On February 16, 2018 Matrix completed its acquisition of HealthFair for $160 million plus an earn-out payment contingent upon HealthFair’s 2018 performance.  The transaction combines Matrix’s expansive in-home capabilities with HealthFair’s national fleet of mobile health clinics equipped with advanced diagnostic capabilities.  With the addition of HealthFair, Matrix’s network increases to more than 6,000 community-based providers across all 50 states, including over 1,700 nurse practitioners.
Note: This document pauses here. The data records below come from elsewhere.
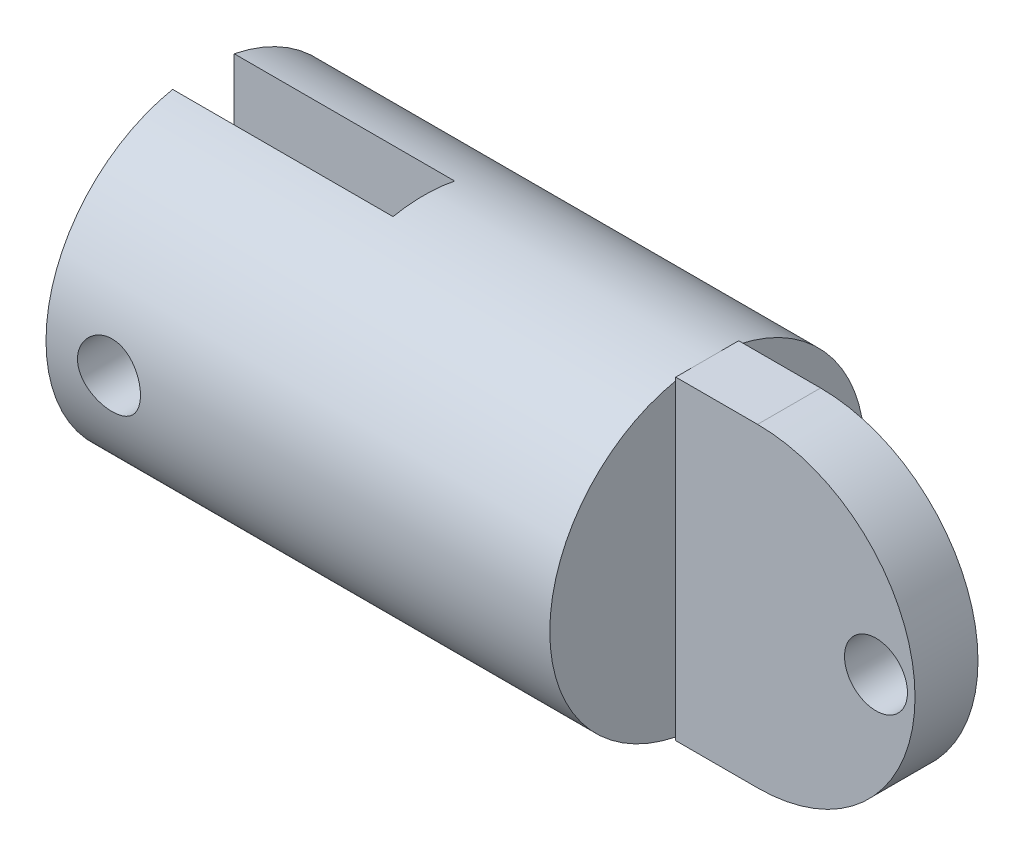
from build123d import *

# Parameters (mm, degrees)
SKETCH1_R               = 12.5
BOSS_EXTRUDE1_DEPTH     = 40
SKETCH6_W               = 5
SKETCH6_H               = 25
BOSS_EXTRUDE3_DEPTH     = 6.5
BOSS_EXTRUDE4_DEPTH     = 5
CUT_EXTRUDE1_DEPTH      = 45.511234537
CUT_EXTRUDE1_DEPTH_BACK = 45.511234537
SKETCH10_R              = 2.5
SKETCH12_W              = 4.8936145
SKETCH12_H              = 25
CUT_EXTRUDE2_DEPTH      = 17.5
CUT_EXTRUDE3_DEPTH      = 44.732139211
CUT_EXTRUDE3_DEPTH_BACK = 44.732139211
SKETCH13_R              = 2.5


with BuildPart() as part:
    # Sketch1 → Boss-Extrude1 (new body)
    with BuildSketch(Plane(origin=(0, 0, 0), x_dir=(0, 0, -1), z_dir=(1, 0, 0))):
        Circle(SKETCH1_R)
    extrude(amount=-BOSS_EXTRUDE1_DEPTH)

    # Sketch6 → Boss-Extrude3 (add)
    with BuildSketch(Plane(origin=(0, 0, 0), x_dir=(0, 0, -1), z_dir=(1, 0, 0))):
        Rectangle(SKETCH6_W, SKETCH6_H)
    extrude(amount=BOSS_EXTRUDE3_DEPTH)

    # Sketch8 → Boss-Extrude4 (add)
    with BuildSketch(Plane.XY.offset(2.5)):
        with BuildLine():
            Line((6.5, 12.5), (6.5, -12.5))
            ThreePointArc((6.5, -12.5), (19, 0), (6.5, 12.5))
        make_face()
    extrude(amount=-BOSS_EXTRUDE4_DEPTH)

    # Sketch10 → Cut-Extrude1 (cut, two sides: drawn at the far end of the back side and taken through both)
    with BuildSketch(Plane.XY.offset(2.5).offset(-CUT_EXTRUDE1_DEPTH_BACK)):
        with Locations((15.9, 0)):
            Circle(SKETCH10_R)
    extrude(amount=CUT_EXTRUDE1_DEPTH + CUT_EXTRUDE1_DEPTH_BACK, mode=Mode.SUBTRACT)

    # Sketch12 → Cut-Extrude2 (cut)
    with BuildSketch(Plane.ZY.offset(40)):
        Rectangle(SKETCH12_W, SKETCH12_H)
    extrude(amount=-CUT_EXTRUDE2_DEPTH, mode=Mode.SUBTRACT)

    # Sketch13 → Cut-Extrude3 (cut, two sides: drawn at the far end of the back side and taken through both)
    with BuildSketch(Plane.XY.offset(-CUT_EXTRUDE3_DEPTH_BACK)):
        with Locations((-35, 0)):
            Circle(SKETCH13_R)
    extrude(amount=CUT_EXTRUDE3_DEPTH + CUT_EXTRUDE3_DEPTH_BACK, mode=Mode.SUBTRACT)


solid = part.part

HealthFair’s 2017 revenue was approximately $45 million.  HealthFair expects significant growth in 2018 supported by several recently awarded national contracts with major health plans.   The acquisition was funded through an increase in Matrix's outstanding debt and rollover equity from the seller of HealthFair.  Providence and Frazier did not contribute additional equity to fund the acquisition.  Following the transaction, Matrix had net debt of approximately $310 million with Providence retaining an ownership percentage of 43.6%.

Tax Reform

On December 22, 2017, the Tax Cuts and Jobs Act (the “Tax Reform Act”) was enacted which reduces the U.S. federal corporate income tax rate to 21% commencing in 2018.  As a result of the decrease in rate, the Company remeasured its deferred tax liabilities as of December 31, 2017, and recorded a provisional net tax benefit of $19.4 million in the fourth quarter of 2017.  In addition, Matrix remeasured its deferred tax liabilities in connection with the Tax Reform Act, which resulted in additional equity income to Providence of $13.6 million.  The Providence tax provision reflects tax expense of $3.4 million on this additional equity income.  Thus, the total impact of tax reform is $29.6 million.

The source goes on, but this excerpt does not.